Terminons en citant un article signé E. Yung, sur la Liberté industrielle et la liberté politique. L'auteur, au sujet d'un très-remarquable livre de M. le conseiller Renouard, pose nettement les principes du

libre échange et les théories protectionistes, en y mêlant toutefois des plaisanteries un peu lourdes.

La Revue germanique paraîtra désormais deux fois par mois. Voici le sommaire des articles publiés dans la dernière livraison :

Une aventure de la vieillesse de Jean-Paul, par Me la baronne Aloise de Carlowitz. - Une jeune fille de Mayence, nommée Maria Lux, entretient avec J. P. Richter, qu'elle n'a jamais vu et qui vit retiré à Bayreuth, une de ces correspondances exaltées dont certaines imaginations allemandes possèdent le secret. Le vieux poëte paraît s'amuser de cette platonique ardeur. Mais le jeu finit d'une manière tragique. Maria, désespérée d'être traitée en enfant, se jette dans le Rhin. — Jean-Paul est-il bien innocent de cette mort? et le ton paternel qu'il affecte ne cache-t-il pas une pointe de coquetterie? Cette histoire est lugubre; mais on y trouve de curieux enseignements sur ce qu'on pourrait appeler la pathologie de la sentimentalité germanique.

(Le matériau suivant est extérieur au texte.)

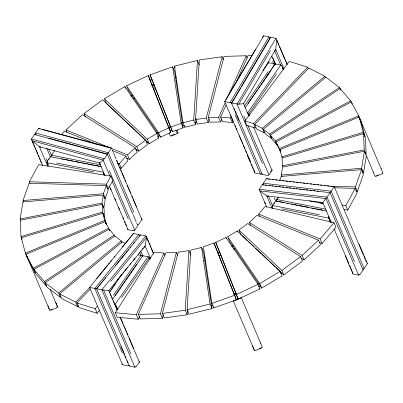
<?xml version="1.0" encoding="UTF-8"?>
<svg xmlns="http://www.w3.org/2000/svg" width="403" height="403" viewBox="0 0 403 403"><rect width="100%" height="100%" fill="white"/><g stroke="black" fill="none" stroke-linecap="round" stroke-linejoin="round"><path stroke-width="0.6" d="M280.871 65.407L274.645 50.808L275.33 50.461L275.717 49.378L276.715 40.028L276.307 38.421L270.584 37.207L270.06 37.56L269.678 38.643L269.108 36.92L263.708 35.827L263.023 36.174L262.635 37.257M144.002 247.266L144.707 246.963L145.14 245.986L146.516 237.523L146.168 236.057L140.617 234.863L139.906 235.161L139.478 236.138L139.383 235.06L138.813 234.506L133.574 233.478L132.869 233.775L131.645 235.73M195.672 124.582L193.742 120.064L197.455 60.475L174.464 66.157L182.962 122.729L184.891 127.247L195.672 124.582L196.06 118.311M209.172 118.905L208.235 122.547L197.525 124.038L195.596 119.52L199.309 59.931L222.144 56.747L223.348 59.568M187.158 314.753L185.229 310.234L188.942 250.646L178.237 252.137L162.399 313.423L164.328 317.942L187.158 314.753L187.471 309.736M187.088 309.69L190.8 250.102L201.581 247.437L203.505 251.956L212.003 308.532L189.017 314.209L187.088 309.69L210.074 304.008L212.003 308.532M20.634 220.068L20.15 218.94L22.9 201.928L103.279 195.123L105.208 199.646L103.919 207.621L101.989 203.102L103.279 195.123M281.984 176.736L281.259 175.043L282.553 167.064L364.393 151.226L366.317 155.749L363.566 172.761L362.322 172.867M363.566 172.761L361.637 168.242L364.393 151.226M208.235 122.547L206.306 118.029L222.144 56.747M221.806 119.051L220.532 121.902L210.134 122.195L208.205 117.671L224.043 56.39L246.213 55.77L247.175 58.032M162.424 318.294L160.495 313.776L176.333 252.495L165.94 252.787L138.33 314.395L140.254 318.914L162.424 318.294L163.366 314.652M99.375 163.019C101.783 162.233 107.037 155.89 107.279 154.062L81.814 147.15M267.617 178.63L266.368 178.796L263.285 183.254L263.26 184.05L263.95 184.886L262.947 184.498L262.222 184.791L259.028 189.586L259.804 190.881L266.746 195.913L267.748 196.301L268.474 196.014L272.67 205.852M23.732 202.23L23.006 200.538L29.122 183.239L106.256 185.627L108.18 190.145L105.314 198.256L104.07 198.362M105.314 198.256L103.385 193.737L106.256 185.627M279.722 180.484L281.153 176.428L361.531 169.628L363.461 174.151L357.345 191.445L356.091 191.41M357.345 191.445L355.416 186.927L361.531 169.628M220.532 121.902L218.602 117.384L224.995 103.118M228.572 95.133L246.213 55.77M233.035 121.484L232.365 122.537L222.506 121.615L220.582 117.097L225.952 105.118M236.43 81.728L248.193 55.488L251.9 55.831M138.274 319.201L136.35 314.678L163.961 253.069L154.107 252.152L115.334 312.723L117.263 317.242L138.274 319.201L139.554 316.35M40.36 128.784L39.313 128.29L38.572 128.532L35.409 133.146L36.215 134.773L35.167 134.28L34.542 134.401L31.233 139.332L32.069 140.763L39.393 146.682L40.899 147.145M30.074 183.461L29.348 181.768L38.693 164.57L110.86 176.091L112.79 180.609L108.407 188.675L107.153 188.634M108.407 188.675L106.483 184.151L110.86 176.091M344.071 209.525L347.774 210.114L345.845 205.595L355.189 188.397L334.495 187.758M347.774 210.114L357.118 192.921L355.189 188.397M225.66 99.823L229.498 93.325M230.083 92.337L234.289 85.224M234.506 84.852L251.26 56.511M251.845 55.518L255.683 49.025M263.708 35.827L224.788 101.682L250.157 161.155M224.708 101.425L224.39 101.536L230.022 102.715L268.947 36.859M238.954 120.562L231.433 102.921L234.299 98.498M234.909 97.466L235.891 95.803M236.173 95.325L240.672 87.713M241.311 86.635L246.409 78.006M246.606 77.678L262.091 51.478M262.348 51.045L263.355 49.337M263.673 48.803L269.36 39.182M231.433 102.921L231.826 103.067L270.751 37.212M275.984 38.245L237.065 104.1L262.434 163.573M231.826 103.067L238.788 104.196L270.393 50.723M107.279 154.062L111.696 147.936L42.728 129.428M232.365 122.537L230.435 118.014L231.11 116.961M322.672 202.462L322.541 202.684L326.46 197.883L330.228 192.397M330.304 192.291L334.445 186.352L334.213 186.599L362.665 253.296M51.035 156.485A1.093 0.594 -78.9 0 0 50.345 156.722L47.257 161.18A1.093 0.594 -78.9 0 0 47.05 162.706L48.466 166.026M51.196 156.717A1.093 0.594 -78.9 0 1 51.403 155.19L54.491 150.732A1.093 0.594 -78.9 0 1 54.717 150.495M48.793 159.578L49.478 158.591M51.569 155.568L52.254 154.581M127.539 229.065A1.093 0.715 -23.1 0 0 128.043 229.705L133.282 230.733A1.093 0.715 -23.1 0 0 134.713 230.143L137.796 225.69A1.093 0.715 -23.1 0 0 137.73 224.869M141.574 218.753A1.093 0.715 -23.1 0 1 141.942 219.695L138.859 224.154A1.093 0.715 -23.1 0 1 137.811 224.753M109.974 291.364L113.082 286.871M113.228 286.664L115.5 283.374M109.379 292.467L121.862 274.433M262.912 70.626L268.443 62.636L273.677 63.664A1.093 0.574 34.7 0 1 274.906 64.606A1.093 0.574 34.7 0 1 275.481 64.022L280.72 65.049A1.093 0.574 34.7 0 1 281.944 65.991L283.596 69.86M113.369 295.303L141.01 255.366A1.093 0.574 34.7 0 1 142.234 256.303A1.093 0.574 34.7 0 1 142.813 255.719L148.047 256.751A1.093 0.574 34.7 0 1 149.276 257.688L149.981 259.351M244.314 106.1L268.151 71.653M266.65 76.102L274.942 64.117M112.87 298.739L119.434 289.253M119.696 288.87L122.195 285.259M122.532 284.775L125.016 281.188M125.65 280.266L131.182 272.277M131.393 271.97L133.942 268.287M134.582 267.365L136.708 264.292M247.956 103.546L250.807 99.42M251.064 99.052L254.52 94.06M254.706 93.788L257.285 90.065M257.895 89.184L260.051 86.071M260.731 85.083L265.34 78.429M265.577 78.081L269.033 73.089M269.592 72.283L271.798 69.099M272.423 68.188L274.559 65.105M115.172 295.656L142.813 255.719M245.079 107.954L269.955 72.006M148.047 256.751L114.88 304.673A1.093 0.574 34.7 0 1 116.104 305.615L117.757 309.484M280.72 65.049L247.553 112.976A1.093 0.574 34.7 0 1 248.777 113.913L249.487 115.575M121.635 297.626L149.276 257.688M248.777 113.913L276.418 73.976M270.544 171.819L271.229 170.827M138.98 361.179A1.093 0.715 -23.1 0 1 139.352 362.121L136.264 366.579A1.093 0.715 -23.1 0 1 134.834 367.168L129.6 366.136A1.093 0.715 -23.1 0 1 129.227 365.194A1.093 0.715 -23.1 0 1 127.796 365.783L122.557 364.75L89.582 287.435L89.204 287.329L89.567 287.334M261.764 173.799A1.093 0.715 -23.1 0 0 262.267 174.439L267.506 175.466A1.093 0.715 -23.1 0 0 268.937 174.877L272.02 170.419A1.093 0.715 -23.1 0 0 271.954 169.603M273.022 208.689L272.312 207.026A1.093 0.594 -78.9 0 1 272.519 205.5L275.602 201.042A1.093 0.594 -78.9 0 1 276.297 200.805M277.692 201.278L276.458 201.037A1.093 0.594 -78.9 0 1 276.665 199.51L278.377 197.032M274.05 203.898L274.74 202.911M276.826 199.888L277.511 198.901M362.992 269.189A1.093 0.715 -23.1 0 1 363.058 270.005L359.975 274.463A1.093 0.715 -23.1 0 1 358.544 275.053L353.305 274.025A1.093 0.715 -23.1 0 1 352.801 273.385M363.073 269.073A1.093 0.715 -23.1 0 0 364.121 268.474L367.204 264.015A1.093 0.715 -23.1 0 0 366.836 263.073M99.445 310.27L97.194 313.292L95.264 308.774L97.143 306.255M244.959 120.875L253.573 123.59L255.497 128.109L246.888 125.393L244.959 120.875L289.273 61.392L307.635 67.18L308.36 68.878M96.715 278.569L107.828 264.937M108.624 263.965L109.415 262.993M110.608 261.532L111.399 260.555M114.18 257.149L114.971 256.177M122.512 246.923L130.849 236.702M133.574 233.478L89.582 287.435L96.609 288.719L98.594 286.281M138.813 234.506L94.816 288.467L122.3 352.897M99.385 285.309L100.579 283.848M101.37 282.876L102.166 281.904M102.956 280.926L104.15 279.465M104.941 278.493L105.737 277.521M115.661 265.35L125.187 253.663M125.983 252.691L127.172 251.23M127.968 250.258L128.758 249.286M129.952 247.825L130.743 246.848M133.524 243.442L134.315 242.47M140.617 234.863L96.619 288.82L124.814 354.841M110.79 281.339L146.516 237.523M117.409 279.878L118.583 278.443M119.364 277.481L120.537 276.04M120.93 275.561L122.205 274M122.996 273.027L123.786 272.055M124.582 271.083L127.751 267.194M129.922 264.529L130.708 263.572M133.443 260.212L135.01 258.298M142.415 249.21L143.221 248.223M61.508 134.537L64.359 131.182L96.297 144.098M117.59 163.296L119.419 163.729L125.912 156.077L112.558 150.677M120.124 167.96L121.343 168.247L127.837 160.601L125.912 156.077M259.592 216.346L258.63 214.089L265.124 206.437L334.027 222.673L335.956 227.196L322.108 243.508L319.206 242.334M322.108 243.508L320.178 238.984L334.027 222.673M78.54 305.701L77.673 306.602L75.744 302.084L89.587 287.641M97.194 313.292L78.832 307.504L76.902 302.985L90.312 288.996M253.573 123.59L307.635 67.18M265.169 132.028L264.207 132.829L256.656 129.01L254.731 124.492L308.794 68.082L324.894 76.232L325.377 77.361M66.943 132.239L65.981 129.983L82.403 114.714L135.232 147.72L137.161 152.238L129.459 159.402L126.557 158.228M111.273 148.304L127.529 154.883L135.232 147.72M250.757 225.836L249.311 222.446L257.008 215.288L318.561 240.183L320.486 244.707L304.064 259.975L300.865 257.975M304.064 259.975L302.134 255.452L318.561 240.183M58.631 293.006L121.248 240.929L114.931 236.082L45.156 282.674L47.08 287.198L60.561 297.525L58.631 293.006L45.156 282.674M77.673 306.602L61.573 298.452L59.649 293.933L122.265 241.855L125.499 243.493M254.731 124.492L262.277 128.31L324.894 76.232M263.295 129.237L269.612 134.083L271.541 138.602L265.219 133.761L263.295 129.237L325.906 77.159L339.386 87.491L339.87 88.62M85.461 117.011L84.015 113.621L102.649 99.732L145.584 140.118L147.508 144.637L138.773 151.15L135.569 149.145M84.015 113.621L136.844 146.627L145.584 140.118M240.888 234.571L238.959 230.053L247.699 223.539L300.527 256.545L302.452 261.068L283.818 274.957L276.055 267.652M283.818 274.957L281.888 270.433L300.527 256.545M44.406 281.616L114.18 235.025L109.228 229.267L33.847 269.34L35.776 273.859L46.335 286.14L44.406 281.616L33.847 269.34M269.612 134.083L339.386 87.491M270.363 135.141L275.314 140.899L277.239 145.418L272.292 139.66L270.363 135.141L340.137 88.549L350.696 100.826L351.416 102.523M104.357 98.806L124.789 86.61L156.868 133.474L158.797 137.992L149.216 143.71L106.286 103.329L104.357 98.806L147.291 139.191L149.216 143.71M147.291 139.191L156.868 133.474M227.67 236.692L237.251 230.974L280.181 271.36L282.11 275.879L261.678 288.074L229.599 241.216L227.67 236.692L259.754 283.556L261.678 288.074M259.754 283.556L280.181 271.36M33.253 268.237L108.634 228.163L105.163 221.62L25.852 254.278L33.253 268.237L35.182 272.755L27.777 258.797L25.399 253.124L21.314 237.8L102.795 213.278L104.725 217.801L106.478 224.385M275.314 140.899L350.696 100.826M280.725 151.976L275.904 142.002L351.285 101.929L358.69 115.888L382.82 172.726A1.093 0.715 -23.1 0 1 382.069 173.809L376.185 176.232A1.093 0.715 -23.1 0 1 374.911 175.98L366.473 155.89M126.512 85.794L148.289 75.557L170.731 132.375L160.52 137.176L128.441 90.312L126.512 85.794L158.596 132.658L160.52 137.176M158.596 132.658L168.802 127.857L148.289 75.557M215.736 242.309L225.947 237.508L258.026 284.372L259.955 288.891L238.183 299.127L215.736 242.309L238.183 299.127M236.254 294.608L258.026 284.372M150.299 80.061L151.906 79.401M149.896 80.615L152.037 79.734M151.679 85.164L154.354 84.061M152.344 85.275L153.951 84.615M171.849 135.393L174.524 134.295M177.209 130.224L178.081 132.441A1.093 0.715 -23.1 0 1 177.33 133.524L171.441 135.947A1.093 0.715 -23.1 0 1 170.167 135.7L169.084 132.925M25.399 253.124L104.709 220.466L102.795 213.278M275.904 142.002L279.375 148.546L358.69 115.888M282.226 158.016L279.828 149.699L359.144 117.041L363.229 132.365L365.153 136.889L361.073 121.565M50.718 309.862L52.325 309.202M376.588 175.678L378.195 175.018M233.911 294.81L236.586 293.711M234.576 294.925L236.183 294.266M235.826 299.691L238.5 298.593M259.205 348.605L260.812 347.945M150.037 74.837L172.67 66.787L174.6 71.311L183.093 127.882L172.484 131.655L150.037 74.837L172.484 131.655M170.555 127.136L181.169 123.363L172.67 66.787M213.988 243.029L203.374 246.802L211.872 303.378L213.802 307.897L236.43 299.847L213.988 243.029L236.43 299.847M211.872 303.378L234.506 295.328M281.742 156.888L363.229 132.365M20.996 236.581L102.478 212.064L102.161 204.397L20.321 220.234L20.996 236.581L21.958 238.843M363.546 133.584L364.216 149.931L366.146 154.455L365.471 138.103L363.546 133.584L282.065 158.102L282.377 165.769L282.861 166.897M182.962 122.729L193.742 120.064M282.377 165.769L364.216 149.931M20.15 218.94L101.989 203.102M195.596 119.52L206.306 118.029M162.399 313.423L185.229 310.234M238.788 104.196L243.901 103.636L243.508 103.49M281.259 175.043L361.637 168.242M23.006 200.538L103.385 193.737M231.75 102.81L230.022 102.715M208.205 117.671L218.602 117.384M138.33 314.395L160.495 313.776M330.964 186.171L355.416 186.927M29.348 181.768L106.483 184.151M96.609 288.719L96.241 288.714L102.755 289.999L108.956 290.462M220.582 117.097L230.435 118.014M115.334 312.723L136.35 314.678M268.705 178.967L269.965 179.113M272.378 179.395L273.708 179.552M275.581 179.768L277.279 179.965M279.113 180.181L280.569 180.348M282.443 180.569L284.014 180.751M285.848 180.967L287.687 181.179M289.304 181.365L291.173 181.587M293.046 181.803L294.422 181.965M296.165 182.166L298.094 182.393M299.908 182.604L301.152 182.745M302.991 182.962L304.895 183.184M306.663 183.39L308.018 183.546M310.335 183.818L311.761 183.98M313.63 184.201L315.237 184.388M317.07 184.599L318.622 184.781M320.491 184.997L321.972 185.173M324.234 185.435L325.644 185.597M327.352 185.798L329.226 186.015M331.095 186.236L332.379 186.382M266.368 178.796L334.228 186.7M263.285 183.254L331.14 191.158L364.121 268.474M265.174 185.032L266.423 185.179M268.846 185.461L270.141 185.607M271.995 185.823L273.234 185.969M275.581 186.241L276.952 186.403M278.805 186.619L280.478 186.811M282.317 187.027L283.757 187.194M285.989 187.455L287.475 187.627M289.052 187.813L290.885 188.025M292.724 188.236L294.286 188.423M296.14 188.639L297.379 188.78M299.459 189.022L301.293 189.239M302.95 189.43L304.809 189.647M306.189 189.808L308.028 190.02M309.867 190.236L311.7 190.448M313.479 190.654L314.763 190.805M317.191 191.087L318.435 191.234M262.222 184.791L330.082 192.689L363.058 270.005M259.139 189.244L326.994 197.148L354.479 261.577M342.147 205.006L345.845 205.595M261.628 173.774A1.093 0.715 -23.1 0 1 260.464 174.081L255.23 173.053A1.093 0.715 -23.1 0 1 254.857 172.106M319.322 202.664L322.843 203.354M309.388 200.88L323.161 203.591M51.403 155.19L100.372 164.822M276.665 199.51L325.634 209.142M61.755 158.797L62.928 159.024M63.669 159.17L64.908 159.417M65.865 159.603L68.797 160.182M69.845 160.389L72.933 160.993M74.076 161.22L81.114 162.605M82.197 162.817L85.285 163.422M86.393 163.643L87.567 163.875M88.373 164.031L93.436 165.029M94.544 165.245L99.486 166.217M278.805 201.5L284.085 202.538M286.956 203.102L288.19 203.344M291.127 203.923L292.296 204.155M293.132 204.316L298.165 205.308M299.308 205.53L304.618 206.578M305.202 206.694L308.723 207.384M311.655 207.963L314.743 208.568M315.761 208.769L322.803 210.154M50.345 156.722L101.38 166.766M275.602 201.042L326.642 211.081M56.642 163.029L103.571 172.262A1.093 0.594 -78.9 0 0 103.37 173.789L103.838 174.892M272.519 205.5L319.448 214.734M47.05 162.706L93.98 171.94M281.697 208.875L328.626 218.109L330.279 221.977M329.986 221.907L331.211 222.144M138.098 254.792L141.01 255.366M38.572 128.532L111.5 148.329M35.484 132.99L108.417 152.787L133.786 212.26M48.662 138.153L80.691 146.848M34.426 134.521L107.354 154.319L132.723 213.792M31.338 138.98L104.271 158.777M76.902 302.985L95.264 308.774M65.981 129.983L109.53 147.599M258.63 214.089L320.178 238.984M59.649 293.933L75.744 302.084M249.311 222.446L302.134 255.452M238.959 230.053L281.888 270.433M241.8 235.428L247.281 240.586M248.651 241.876L254.132 247.029M255.502 248.319L261.441 253.905M262.353 254.761L268.292 260.348M269.204 261.204L275.143 266.791M157.739 136.446L158.797 137.992M259.25 287.863L259.955 288.891M358.055 115.575L360.62 120.406M351.285 101.929L352.252 104.191M340.137 88.549L340.857 90.242M276.972 40.552L277.707 42.285M278.201 43.438L278.941 45.166M279.571 46.647L280.05 47.771M280.171 48.053L281.244 50.571M281.4 50.939L282.438 53.372M282.629 53.826L284.845 59.014M285.067 59.533L286.075 61.901M286.261 62.334L286.981 64.017M276.715 40.028L287.243 64.717M359.073 244.092L367.314 263.421M283.954 68.691L275.717 49.378L243.583 103.747L248.797 115.968M362.816 253.653L363.526 255.316M364 256.424L365.178 259.194M365.607 260.197L366.362 261.965M282.201 67.558L282.911 69.22M272.796 57.649L273.521 59.352M273.617 59.573L275.667 64.455M271.773 56.103L275.214 64.173M272.635 61.211L273.864 64.102M268.116 61.866L268.594 62.989M358.544 275.053L325.921 198.578L259.804 190.881L266.741 207.147M331.251 222.32L322.773 202.437L266.746 195.913L271.96 208.139M334.132 229.08L348.741 263.255M349.728 265.567L350.469 267.3M350.963 268.453L351.738 270.272M352.197 271.345L352.932 273.078M345.19 255.779L352.821 273.672M279.375 148.546L280.342 150.808M279.828 149.699L280.795 151.961M262.277 128.31L264.207 132.829M249.271 116.039L248.329 113.827A0.549 0.287 34.7 0 0 248.082 113.53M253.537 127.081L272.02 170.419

Contes et apologues indiens. - Le Pantschatantra, par M. A. Dozon. -M. Théodore Benfey, professeur de langue sanskrite à Gættingue, vient de publier une traduction avec commentaires du Pantschatantra, recueil de fables indiennes. C'est à ce remarquable travail que nous initie M. Aug. Dozon. Ce qui surprendra le lecteur étranger à ces hautes études, c'est que la sagesse orientale (M. Benfey le prouve) s'est plus d'une fois inspirée de la pensée occidentale ou ésopique. La civilisation, comme l'Océan, a donc aussi son mouvement de flux et de reflux? W. A. Mozart, par M. Johannès Weber. Analyse intéressante des quatre volumes publiés à Leipzig de 1856 à 1859, par M. Otto Jahn. Un des grands mérites du biographe allemand est d'avoir retrouvé la correspondance de Mozart, à partir de l'année 1777. Ainsi sont réfutées victorieusement mille calomnies accréditées sur la mémoire de l'illustre compositeur. Certaines gens aiment à dénigrer les hommes dont ils sont contraints de subir la supériorité. C'est une petite consolation que M. Otto Jahn vient d'enlever à la médiocrité jalouse et à la niaiserie des oisifs.

Dieu dans l'histoire, ou le Progrès de la croyance en un ordre moral dans l'univers, par M. Ch. Dollfus. - Profession de foi panthéiste, à propos d'un gros livre théologique de M. Bunsen. Quelle est la valeur des doctrines de M. Charles Dollfus, c'est ce que nous dirons ailleurs. Ici nous rédigeons un procès-verbal. Quelle que soit notre opinion sur le fond des choses, nous savons gré à l'auteur de l'article de sa franchise et de sa hardiesse. Tout le monde convient d'ailleurs qu'en philosophie, comme dans les sciences en général, la liberté illimitée des systèmes est le seul moyen de préparer le triomphe du vrai.